The difficulty is knowing who really owns these loans after they've been converted, shuffled and repackaged. A recent Time Magazine article gives a great glimpse into the complexities of mortgage bonds and CDOs. Anyone wanting to understand the challenges to loan modification and how a relatively small number of foreclosures can wreak so much havoc in the financial world should take a moment to read this story.

Even with the poor performance of modifications to date, with as many as 59% already being back in default, it still remains the best option we have for troubled mortgages. This new plan's success rate should be better since it includes debt-to-income guidelines that should work for most families. People who really can't afford their mortgage at any interest rate will not be able to modify. Even if the success rate is the same, stopping 41% of the foreclosures is a lot better than doing nothing and should have a positive effect on the housing market.

Tuesday, March 3, 2009

The New Mortgage Fraud

Unfortunately mortgage fraud has not fizzled out along with the real estate market. It's just changed. The new mortgage fraud preys upon desperate homeowners threatened with foreclosure, and these tough economic times are creating plenty of potential victims.

The Foreclosure Rescue Scam is probably the most common and one that I have fielded many calls about. These companies offer to help negotiate with your lender to avoid foreclosure and modify the terms of your loan. First of all, there's nothing that even a reputable firm can do that a persistent homeowner can't do themselves. You're better off calling yourself to negotiate a modification. The real problem, however, is that the scammers will collect money up front and then do little or no work. Homeowners end up still facing foreclosure and out hundreds or even thousands of dollars.

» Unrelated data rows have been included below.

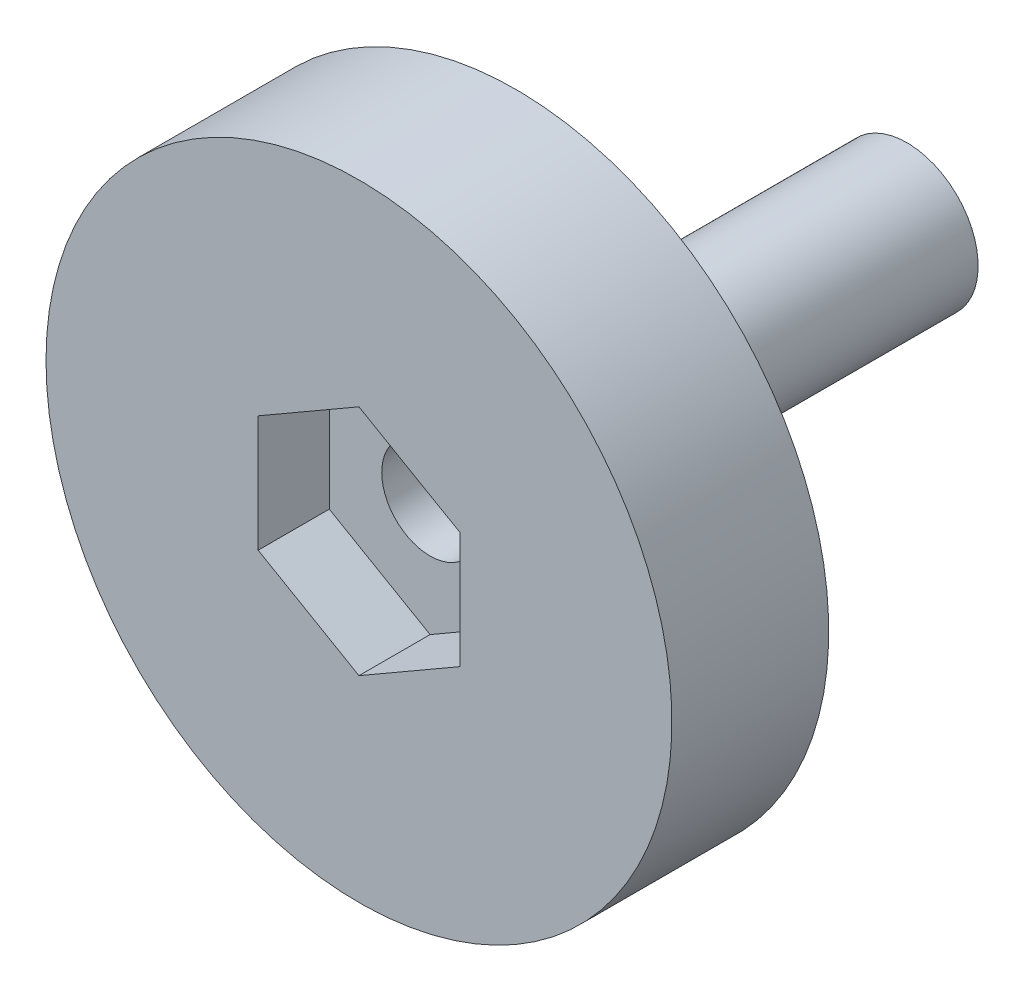
ISO-10303-21;
HEADER;
FILE_DESCRIPTION(('STEP AP214'),'2;1');
FILE_NAME('part.step','',(''),(''),'','','');
FILE_SCHEMA(('AUTOMOTIVE_DESIGN { 1 0 10303 214 1 1 1 1 }'));
ENDSEC;
DATA;
#1=APPLICATION_CONTEXT('core data for automotive mechanical design processes');
#2=APPLICATION_PROTOCOL_DEFINITION('international standard','automotive_design',2000,#1);
#3=PRODUCT_CONTEXT('',#1,'mechanical');
#4=PRODUCT('Part','Part','',(#3));
#5=PRODUCT_RELATED_PRODUCT_CATEGORY('part','',(#4));
#6=PRODUCT_DEFINITION_FORMATION('','',#4);
#7=PRODUCT_DEFINITION_CONTEXT('part definition',#1,'design');
#8=PRODUCT_DEFINITION('design','',#6,#7);
#9=PRODUCT_DEFINITION_SHAPE('','',#8);
#10=(LENGTH_UNIT() NAMED_UNIT(*) SI_UNIT(.MILLI.,.METRE.));
#11=(NAMED_UNIT(*) PLANE_ANGLE_UNIT() SI_UNIT($,.RADIAN.));
#12=(NAMED_UNIT(*) SI_UNIT($,.STERADIAN.) SOLID_ANGLE_UNIT());
#13=UNCERTAINTY_MEASURE_WITH_UNIT(LENGTH_MEASURE(1.E-05),#10,'distance_accuracy_value','');
#14=(GEOMETRIC_REPRESENTATION_CONTEXT(3) GLOBAL_UNCERTAINTY_ASSIGNED_CONTEXT((#13)) GLOBAL_UNIT_ASSIGNED_CONTEXT((#10,
#11,#12)) REPRESENTATION_CONTEXT('',''));
#15=CARTESIAN_POINT('',(0.,0.,0.));
#16=DIRECTION('',(0.,0.,1.));
#17=DIRECTION('',(1.,0.,0.));
#18=AXIS2_PLACEMENT_3D('',#15,#16,#17);
#19=CARTESIAN_POINT('',(-12.7762674554111,0.,-12.7000000000382));
#20=DIRECTION('',(0.,0.,-1.));
#21=DIRECTION('',(-1.,0.,0.));
#22=AXIS2_PLACEMENT_3D('',#19,#20,#21);
#23=CYLINDRICAL_SURFACE('',#22,2.15899999999996);
#24=CARTESIAN_POINT('',(-12.7762674554111,0.,-12.7000000000381));
#25=DIRECTION('',(0.,0.,-1.));
#26=DIRECTION('',(-1.,0.,0.));
#27=AXIS2_PLACEMENT_3D('',#24,#25,#26);
#28=CIRCLE('',#27,2.159);
#29=CARTESIAN_POINT('',(-14.9352674554111,0.,-12.7000000000381));
#30=VERTEX_POINT('',#29);
#31=EDGE_CURVE('E152',#30,#30,#28,.T.);
#32=ORIENTED_EDGE('',*,*,#31,.T.);
#33=EDGE_LOOP('',(#32));
#34=FACE_BOUND('',#33,.T.);
#35=CARTESIAN_POINT('',(-12.776267455411,0.,8.58749999999998));
#36=DIRECTION('',(0.,0.,1.));
#37=DIRECTION('',(1.,0.,0.));
#38=AXIS2_PLACEMENT_3D('',#35,#36,#37);
#39=CIRCLE('',#38,2.15899999999996);
#40=CARTESIAN_POINT('',(-10.6172674554111,0.,8.58749999999998));
#41=VERTEX_POINT('',#40);
#42=EDGE_CURVE('E42',#41,#41,#39,.F.);
#43=ORIENTED_EDGE('',*,*,#42,.F.);
#44=EDGE_LOOP('',(#43));
#45=FACE_BOUND('',#44,.T.);
#46=ADVANCED_FACE('F39',(#34,#45),#23,.F.);
#47=CARTESIAN_POINT('',(-10.6172674554111,0.,11.7625));
#48=DIRECTION('',(0.,0.,-1.));
#49=DIRECTION('',(-1.,0.,0.));
#50=AXIS2_PLACEMENT_3D('',#47,#48,#49);
#51=PLANE('',#50);
#52=DIRECTION('',(0.866025403784439,0.5,0.));
#53=VECTOR('',#52,1.);
#54=CARTESIAN_POINT('',(-12.776267455411,-5.19615242270663,11.7625));
#55=LINE('',#54,#53);
#56=CARTESIAN_POINT('',(-12.776267455411,-5.19615242270663,11.7625));
#57=VERTEX_POINT('',#56);
#58=CARTESIAN_POINT('',(-8.27626745541104,-2.59807621135332,11.7625));
#59=VERTEX_POINT('',#58);
#60=EDGE_CURVE('E134',#57,#59,#55,.T.);
#61=ORIENTED_EDGE('',*,*,#60,.F.);
#62=DIRECTION('',(0.866025403784439,-0.5,0.));
#63=VECTOR('',#62,1.);
#64=CARTESIAN_POINT('',(-17.276267455411,-2.59807621135332,11.7625));
#65=LINE('',#64,#63);
#66=CARTESIAN_POINT('',(-17.276267455411,-2.59807621135332,11.7625));
#67=VERTEX_POINT('',#66);
#68=EDGE_CURVE('E55',#67,#57,#65,.T.);
#69=ORIENTED_EDGE('',*,*,#68,.F.);
#70=DIRECTION('',(0.,-1.,0.));
#71=VECTOR('',#70,1.);
#72=CARTESIAN_POINT('',(-17.276267455411,2.59807621135332,11.7625));
#73=LINE('',#72,#71);
#74=CARTESIAN_POINT('',(-17.276267455411,2.59807621135332,11.7625));
#75=VERTEX_POINT('',#74);
#76=EDGE_CURVE('E143',#75,#67,#73,.T.);
#77=ORIENTED_EDGE('',*,*,#76,.F.);
#78=DIRECTION('',(-0.866025403784439,-0.5,0.));
#79=VECTOR('',#78,1.);
#80=CARTESIAN_POINT('',(-12.776267455411,5.19615242270663,11.7625));
#81=LINE('',#80,#79);
#82=CARTESIAN_POINT('',(-12.776267455411,5.19615242270663,11.7625));
#83=VERTEX_POINT('',#82);
#84=EDGE_CURVE('E141',#83,#75,#81,.T.);
#85=ORIENTED_EDGE('',*,*,#84,.F.);
#86=DIRECTION('',(-0.866025403784439,0.5,0.));
#87=VECTOR('',#86,1.);
#88=CARTESIAN_POINT('',(-8.27626745541104,2.59807621135331,11.7625));
#89=LINE('',#88,#87);
#90=CARTESIAN_POINT('',(-8.27626745541104,2.59807621135331,11.7625));
#91=VERTEX_POINT('',#90);
#92=EDGE_CURVE('E104',#91,#83,#89,.T.);
#93=ORIENTED_EDGE('',*,*,#92,.F.);
#94=DIRECTION('',(0.,1.,0.));
#95=VECTOR('',#94,1.);
#96=CARTESIAN_POINT('',(-8.27626745541104,-2.59807621135332,11.7625));
#97=LINE('',#96,#95);
#98=EDGE_CURVE('E137',#59,#91,#97,.T.);
#99=ORIENTED_EDGE('',*,*,#98,.F.);
#100=EDGE_LOOP('',(#61,#69,#77,#85,#93,#99));
#101=FACE_BOUND('',#100,.T.);
#102=CARTESIAN_POINT('',(-12.776267455411,0.,11.7625));
#103=DIRECTION('',(0.,0.,-1.));
#104=DIRECTION('',(-1.,0.,0.));
#105=AXIS2_PLACEMENT_3D('',#102,#103,#104);
#106=CIRCLE('',#105,13.9699999999999);
#107=CARTESIAN_POINT('',(-26.7462674554109,0.,11.7625000000001));
#108=VERTEX_POINT('',#107);
#109=EDGE_CURVE('E11',#108,#108,#106,.T.);
#110=ORIENTED_EDGE('',*,*,#109,.F.);
#111=EDGE_LOOP('',(#110));
#112=FACE_BOUND('',#111,.T.);
#113=ADVANCED_FACE('F179',(#101,#112),#51,.F.);
#114=CARTESIAN_POINT('',(-12.7762674554111,0.,-12.7000000000382));
#115=DIRECTION('',(0.,0.,-1.));
#116=DIRECTION('',(-1.,0.,0.));
#117=AXIS2_PLACEMENT_3D('',#114,#115,#116);
#118=CYLINDRICAL_SURFACE('',#117,13.9699999999999);
#119=CARTESIAN_POINT('',(-12.776267455411,0.,4.76250000000004));
#120=DIRECTION('',(0.,0.,-1.));
#121=DIRECTION('',(-1.,0.,0.));
#122=AXIS2_PLACEMENT_3D('',#119,#120,#121);
#123=CIRCLE('',#122,13.9699999999999);
#124=CARTESIAN_POINT('',(-26.746267455411,0.,4.76250000000009));
#125=VERTEX_POINT('',#124);
#126=EDGE_CURVE('E48',#125,#125,#123,.T.);
#127=ORIENTED_EDGE('',*,*,#126,.F.);
#128=EDGE_LOOP('',(#127));
#129=FACE_BOUND('',#128,.T.);
#130=ORIENTED_EDGE('',*,*,#109,.T.);
#131=EDGE_LOOP('',(#130));
#132=FACE_BOUND('',#131,.T.);
#133=ADVANCED_FACE('F176',(#129,#132),#118,.T.);
#134=CARTESIAN_POINT('',(-6.42626745541109,0.,4.76250000000001));
#135=DIRECTION('',(0.,0.,1.));
#136=DIRECTION('',(1.,0.,0.));
#137=AXIS2_PLACEMENT_3D('',#134,#135,#136);
#138=PLANE('',#137);
#139=CARTESIAN_POINT('',(-12.776267455411,0.,4.76250000000002));
#140=DIRECTION('',(0.,0.,-1.));
#141=DIRECTION('',(-1.,0.,0.));
#142=AXIS2_PLACEMENT_3D('',#139,#140,#141);
#143=CIRCLE('',#142,6.34999999999995);
#144=CARTESIAN_POINT('',(-19.126267455411,0.,4.76250000000004));
#145=VERTEX_POINT('',#144);
#146=EDGE_CURVE('E166',#145,#145,#143,.T.);
#147=ORIENTED_EDGE('',*,*,#146,.F.);
#148=EDGE_LOOP('',(#147));
#149=FACE_BOUND('',#148,.T.);
#150=ORIENTED_EDGE('',*,*,#126,.T.);
#151=EDGE_LOOP('',(#150));
#152=FACE_BOUND('',#151,.T.);
#153=ADVANCED_FACE('F174',(#149,#152),#138,.F.);
#154=CARTESIAN_POINT('',(-12.7762674554111,0.,-12.7000000000382));
#155=DIRECTION('',(0.,0.,-1.));
#156=DIRECTION('',(-1.,0.,0.));
#157=AXIS2_PLACEMENT_3D('',#154,#155,#156);
#158=CYLINDRICAL_SURFACE('',#157,6.34999999999995);
#159=CARTESIAN_POINT('',(-12.7762674554111,0.,0.));
#160=DIRECTION('',(0.,0.,-1.));
#161=DIRECTION('',(-1.,0.,0.));
#162=AXIS2_PLACEMENT_3D('',#159,#160,#161);
#163=CIRCLE('',#162,6.34999999999996);
#164=CARTESIAN_POINT('',(-19.126267455411,0.,0.));
#165=VERTEX_POINT('',#164);
#166=EDGE_CURVE('E162',#165,#165,#163,.T.);
#167=ORIENTED_EDGE('',*,*,#166,.F.);
#168=EDGE_LOOP('',(#167));
#169=FACE_BOUND('',#168,.T.);
#170=ORIENTED_EDGE('',*,*,#146,.T.);
#171=EDGE_LOOP('',(#170));
#172=FACE_BOUND('',#171,.T.);
#173=ADVANCED_FACE('F193',(#169,#172),#158,.T.);
#174=CARTESIAN_POINT('',(-9.6012674554111,0.,0.));
#175=DIRECTION('',(0.,0.,1.));
#176=DIRECTION('',(1.,0.,0.));
#177=AXIS2_PLACEMENT_3D('',#174,#175,#176);
#178=PLANE('',#177);
#179=CARTESIAN_POINT('',(-12.7762674554111,0.,0.));
#180=DIRECTION('',(0.,0.,-1.));
#181=DIRECTION('',(-1.,0.,0.));
#182=AXIS2_PLACEMENT_3D('',#179,#180,#181);
#183=CIRCLE('',#182,3.17499999999996);
#184=CARTESIAN_POINT('',(-15.951267455411,0.,0.));
#185=VERTEX_POINT('',#184);
#186=EDGE_CURVE('E158',#185,#185,#183,.T.);
#187=ORIENTED_EDGE('',*,*,#186,.F.);
#188=EDGE_LOOP('',(#187));
#189=FACE_BOUND('',#188,.T.);
#190=ORIENTED_EDGE('',*,*,#166,.T.);
#191=EDGE_LOOP('',(#190));
#192=FACE_BOUND('',#191,.T.);
#193=ADVANCED_FACE('F197',(#189,#192),#178,.F.);
#194=CARTESIAN_POINT('',(-12.7762674554111,0.,-12.7000000000382));
#195=DIRECTION('',(0.,0.,-1.));
#196=DIRECTION('',(-1.,0.,0.));
#197=AXIS2_PLACEMENT_3D('',#194,#195,#196);
#198=CYLINDRICAL_SURFACE('',#197,3.17499999999998);
#199=CARTESIAN_POINT('',(-12.7762674554111,0.,-12.7000000000381));
#200=DIRECTION('',(0.,0.,-1.));
#201=DIRECTION('',(-1.,0.,0.));
#202=AXIS2_PLACEMENT_3D('',#199,#200,#201);
#203=CIRCLE('',#202,3.175);
#204=CARTESIAN_POINT('',(-15.9512674554111,0.,-12.7000000000381));
#205=VERTEX_POINT('',#204);
#206=EDGE_CURVE('E155',#205,#205,#203,.T.);
#207=ORIENTED_EDGE('',*,*,#206,.F.);
#208=EDGE_LOOP('',(#207));
#209=FACE_BOUND('',#208,.T.);
#210=ORIENTED_EDGE('',*,*,#186,.T.);
#211=EDGE_LOOP('',(#210));
#212=FACE_BOUND('',#211,.T.);
#213=ADVANCED_FACE('F201',(#209,#212),#198,.T.);
#214=CARTESIAN_POINT('',(-10.6172674554111,0.,-12.7000000000382));
#215=DIRECTION('',(0.,0.,1.));
#216=DIRECTION('',(1.,0.,0.));
#217=AXIS2_PLACEMENT_3D('',#214,#215,#216);
#218=PLANE('',#217);
#219=ORIENTED_EDGE('',*,*,#31,.F.);
#220=EDGE_LOOP('',(#219));
#221=FACE_BOUND('',#220,.T.);
#222=ORIENTED_EDGE('',*,*,#206,.T.);
#223=EDGE_LOOP('',(#222));
#224=FACE_BOUND('',#223,.T.);
#225=ADVANCED_FACE('F205',(#221,#224),#218,.F.);
#226=CARTESIAN_POINT('',(0.,0.,8.58749999999998));
#227=DIRECTION('',(0.,0.,1.));
#228=DIRECTION('',(1.,0.,0.));
#229=AXIS2_PLACEMENT_3D('',#226,#227,#228);
#230=PLANE('',#229);
#231=DIRECTION('',(0.866025403784439,-0.5,0.));
#232=VECTOR('',#231,1.);
#233=CARTESIAN_POINT('',(-17.276267455411,-2.59807621135332,8.58749999999998));
#234=LINE('',#233,#232);
#235=CARTESIAN_POINT('',(-17.276267455411,-2.59807621135332,8.58749999999998));
#236=VERTEX_POINT('',#235);
#237=CARTESIAN_POINT('',(-12.776267455411,-5.19615242270663,8.58749999999998));
#238=VERTEX_POINT('',#237);
#239=EDGE_CURVE('E145',#236,#238,#234,.T.);
#240=ORIENTED_EDGE('',*,*,#239,.T.);
#241=DIRECTION('',(0.866025403784439,0.5,0.));
#242=VECTOR('',#241,1.);
#243=CARTESIAN_POINT('',(-12.776267455411,-5.19615242270663,8.58749999999998));
#244=LINE('',#243,#242);
#245=CARTESIAN_POINT('',(-8.27626745541104,-2.59807621135332,8.58749999999998));
#246=VERTEX_POINT('',#245);
#247=EDGE_CURVE('E128',#238,#246,#244,.T.);
#248=ORIENTED_EDGE('',*,*,#247,.T.);
#249=DIRECTION('',(0.,1.,0.));
#250=VECTOR('',#249,1.);
#251=CARTESIAN_POINT('',(-8.27626745541104,-2.59807621135332,8.58749999999998));
#252=LINE('',#251,#250);
#253=CARTESIAN_POINT('',(-8.27626745541104,2.59807621135331,8.58749999999998));
#254=VERTEX_POINT('',#253);
#255=EDGE_CURVE('E123',#246,#254,#252,.T.);
#256=ORIENTED_EDGE('',*,*,#255,.T.);
#257=DIRECTION('',(-0.866025403784439,0.5,0.));
#258=VECTOR('',#257,1.);
#259=CARTESIAN_POINT('',(-8.27626745541104,2.59807621135331,8.58749999999998));
#260=LINE('',#259,#258);
#261=CARTESIAN_POINT('',(-12.776267455411,5.19615242270663,8.58749999999998));
#262=VERTEX_POINT('',#261);
#263=EDGE_CURVE('E101',#254,#262,#260,.T.);
#264=ORIENTED_EDGE('',*,*,#263,.T.);
#265=DIRECTION('',(-0.866025403784439,-0.5,0.));
#266=VECTOR('',#265,1.);
#267=CARTESIAN_POINT('',(-12.776267455411,5.19615242270663,8.58749999999998));
#268=LINE('',#267,#266);
#269=CARTESIAN_POINT('',(-17.276267455411,2.59807621135332,8.58749999999998));
#270=VERTEX_POINT('',#269);
#271=EDGE_CURVE('E112',#262,#270,#268,.T.);
#272=ORIENTED_EDGE('',*,*,#271,.T.);
#273=DIRECTION('',(0.,-1.,0.));
#274=VECTOR('',#273,1.);
#275=CARTESIAN_POINT('',(-17.276267455411,2.59807621135332,8.58749999999998));
#276=LINE('',#275,#274);
#277=EDGE_CURVE('E116',#270,#236,#276,.T.);
#278=ORIENTED_EDGE('',*,*,#277,.T.);
#279=EDGE_LOOP('',(#240,#248,#256,#264,#272,#278));
#280=FACE_BOUND('',#279,.T.);
#281=ORIENTED_EDGE('',*,*,#42,.T.);
#282=EDGE_LOOP('',(#281));
#283=FACE_BOUND('',#282,.T.);
#284=ADVANCED_FACE('F119',(#280,#283),#230,.T.);
#285=CARTESIAN_POINT('',(-17.276267455411,-2.59807621135332,8.58749999999998));
#286=DIRECTION('',(-0.5,-0.866025403784439,0.));
#287=DIRECTION('',(0.866025403784439,-0.5,0.));
#288=AXIS2_PLACEMENT_3D('',#285,#286,#287);
#289=PLANE('',#288);
#290=ORIENTED_EDGE('',*,*,#68,.T.);
#291=DIRECTION('',(0.,0.,1.));
#292=VECTOR('',#291,1.);
#293=CARTESIAN_POINT('',(-12.776267455411,-5.19615242270663,8.58749999999998));
#294=LINE('',#293,#292);
#295=EDGE_CURVE('E85',#238,#57,#294,.T.);
#296=ORIENTED_EDGE('',*,*,#295,.F.);
#297=ORIENTED_EDGE('',*,*,#239,.F.);
#298=DIRECTION('',(0.,0.,1.));
#299=VECTOR('',#298,1.);
#300=CARTESIAN_POINT('',(-17.276267455411,-2.59807621135332,8.58749999999998));
#301=LINE('',#300,#299);
#302=EDGE_CURVE('E63',#236,#67,#301,.T.);
#303=ORIENTED_EDGE('',*,*,#302,.T.);
#304=EDGE_LOOP('',(#290,#296,#297,#303));
#305=FACE_BOUND('',#304,.T.);
#306=ADVANCED_FACE('F210',(#305),#289,.F.);
#307=CARTESIAN_POINT('',(-17.276267455411,2.59807621135332,8.58749999999998));
#308=DIRECTION('',(-1.,0.,0.));
#309=DIRECTION('',(0.,0.,1.));
#310=AXIS2_PLACEMENT_3D('',#307,#308,#309);
#311=PLANE('',#310);
#312=ORIENTED_EDGE('',*,*,#76,.T.);
#313=ORIENTED_EDGE('',*,*,#302,.F.);
#314=ORIENTED_EDGE('',*,*,#277,.F.);
#315=DIRECTION('',(0.,0.,1.));
#316=VECTOR('',#315,1.);
#317=CARTESIAN_POINT('',(-17.276267455411,2.59807621135332,8.58749999999998));
#318=LINE('',#317,#316);
#319=EDGE_CURVE('E108',#270,#75,#318,.T.);
#320=ORIENTED_EDGE('',*,*,#319,.T.);
#321=EDGE_LOOP('',(#312,#313,#314,#320));
#322=FACE_BOUND('',#321,.T.);
#323=ADVANCED_FACE('F213',(#322),#311,.F.);
#324=CARTESIAN_POINT('',(-12.776267455411,5.19615242270663,8.58749999999998));
#325=DIRECTION('',(-0.5,0.866025403784439,0.));
#326=DIRECTION('',(-0.866025403784439,-0.5,0.));
#327=AXIS2_PLACEMENT_3D('',#324,#325,#326);
#328=PLANE('',#327);
#329=ORIENTED_EDGE('',*,*,#84,.T.);
#330=ORIENTED_EDGE('',*,*,#319,.F.);
#331=ORIENTED_EDGE('',*,*,#271,.F.);
#332=DIRECTION('',(0.,0.,1.));
#333=VECTOR('',#332,1.);
#334=CARTESIAN_POINT('',(-12.776267455411,5.19615242270663,8.58749999999998));
#335=LINE('',#334,#333);
#336=EDGE_CURVE('E97',#262,#83,#335,.T.);
#337=ORIENTED_EDGE('',*,*,#336,.T.);
#338=EDGE_LOOP('',(#329,#330,#331,#337));
#339=FACE_BOUND('',#338,.T.);
#340=ADVANCED_FACE('F113',(#339),#328,.F.);
#341=CARTESIAN_POINT('',(-8.27626745541104,2.59807621135331,8.58749999999998));
#342=DIRECTION('',(0.5,0.866025403784439,0.));
#343=DIRECTION('',(-0.866025403784439,0.5,0.));
#344=AXIS2_PLACEMENT_3D('',#341,#342,#343);
#345=PLANE('',#344);
#346=ORIENTED_EDGE('',*,*,#92,.T.);
#347=ORIENTED_EDGE('',*,*,#336,.F.);
#348=ORIENTED_EDGE('',*,*,#263,.F.);
#349=DIRECTION('',(0.,0.,1.));
#350=VECTOR('',#349,1.);
#351=CARTESIAN_POINT('',(-8.27626745541104,2.59807621135331,8.58749999999998));
#352=LINE('',#351,#350);
#353=EDGE_CURVE('E109',#254,#91,#352,.T.);
#354=ORIENTED_EDGE('',*,*,#353,.T.);
#355=EDGE_LOOP('',(#346,#347,#348,#354));
#356=FACE_BOUND('',#355,.T.);
#357=ADVANCED_FACE('F99',(#356),#345,.F.);
#358=CARTESIAN_POINT('',(-8.27626745541104,-2.59807621135332,8.58749999999998));
#359=DIRECTION('',(1.,0.,0.));
#360=DIRECTION('',(0.,1.,0.));
#361=AXIS2_PLACEMENT_3D('',#358,#359,#360);
#362=PLANE('',#361);
#363=ORIENTED_EDGE('',*,*,#98,.T.);
#364=ORIENTED_EDGE('',*,*,#353,.F.);
#365=ORIENTED_EDGE('',*,*,#255,.F.);
#366=DIRECTION('',(0.,0.,1.));
#367=VECTOR('',#366,1.);
#368=CARTESIAN_POINT('',(-8.27626745541104,-2.59807621135332,8.58749999999998));
#369=LINE('',#368,#367);
#370=EDGE_CURVE('E149',#246,#59,#369,.T.);
#371=ORIENTED_EDGE('',*,*,#370,.T.);
#372=EDGE_LOOP('',(#363,#364,#365,#371));
#373=FACE_BOUND('',#372,.T.);
#374=ADVANCED_FACE('F217',(#373),#362,.F.);
#375=CARTESIAN_POINT('',(-12.776267455411,-5.19615242270663,8.58749999999998));
#376=DIRECTION('',(0.5,-0.866025403784439,0.));
#377=DIRECTION('',(0.866025403784439,0.5,0.));
#378=AXIS2_PLACEMENT_3D('',#375,#376,#377);
#379=PLANE('',#378);
#380=ORIENTED_EDGE('',*,*,#60,.T.);
#381=ORIENTED_EDGE('',*,*,#370,.F.);
#382=ORIENTED_EDGE('',*,*,#247,.F.);
#383=ORIENTED_EDGE('',*,*,#295,.T.);
#384=EDGE_LOOP('',(#380,#381,#382,#383));
#385=FACE_BOUND('',#384,.T.);
#386=ADVANCED_FACE('F214',(#385),#379,.F.);
#387=CLOSED_SHELL('',(#46,#113,#133,#153,#173,#193,#213,#225,#284,#306,#323,#340,#357,#374,#386));
#388=MANIFOLD_SOLID_BREP('B2',#387);
#389=ADVANCED_BREP_SHAPE_REPRESENTATION('',(#18,#388),#14);
#390=SHAPE_DEFINITION_REPRESENTATION(#9,#389);
ENDSEC;
END-ISO-10303-21;

The Mortgage Elimination Scam is another popular one today. In this scenario the scammer prepares paperwork that appears to eliminate the mortgage. There is, of course, a fee for this service and, of course, it doesn't actually work since the only way to eliminate your mortgage is to pay it off. The homeowner stops making payments and by the time they receive notice that they're in default the scammer is long gone.

The Equity Theft scam is essentially a version of the foreclosure rescue scam. To avoid foreclosure homeowners are convinced to execute a quitclaim deed transferring the property to the scammer for very little money. The scammer promises to rent the home back to the homeowner with the option to buy it back down the road. Of course, these promises are never in writing and the scammer proceeds to evict the former owner and sell the property. This one only works if the owner has significant equity.

The newest scams involve the Federal Stimulus Bill and other mortgage relief legislation. Basically these are the same basic scams, but by invoking the legislation or government agencies we've all been hearing about on the news they lend themselves instant credibility.

Scam artists will continue to come up with newer and more clever ways to commit mortgage fraud as long as there's money to be made. However, there are some basic guidelines that should keep most homeowners out of trouble. The oldest piece of advice on the topic is still the best, "If something seems too good to be true, it probably is." If you keep this one concept firmly in mind, you will be very difficult to take advantage of.

The other big one is to be wary of anyone who requires payment up front. Also avoid anyone who wants to rush you into things and won't allow time for you to check it out. Another common red flag is being told not to contact family, friends, attorneys, financial advisers, etc. Desperate people make the easiest victims, so take a step back to be sure you understand everything. When in doubt, take the time to check with the Better Business Bureau or the State Attorney General's office.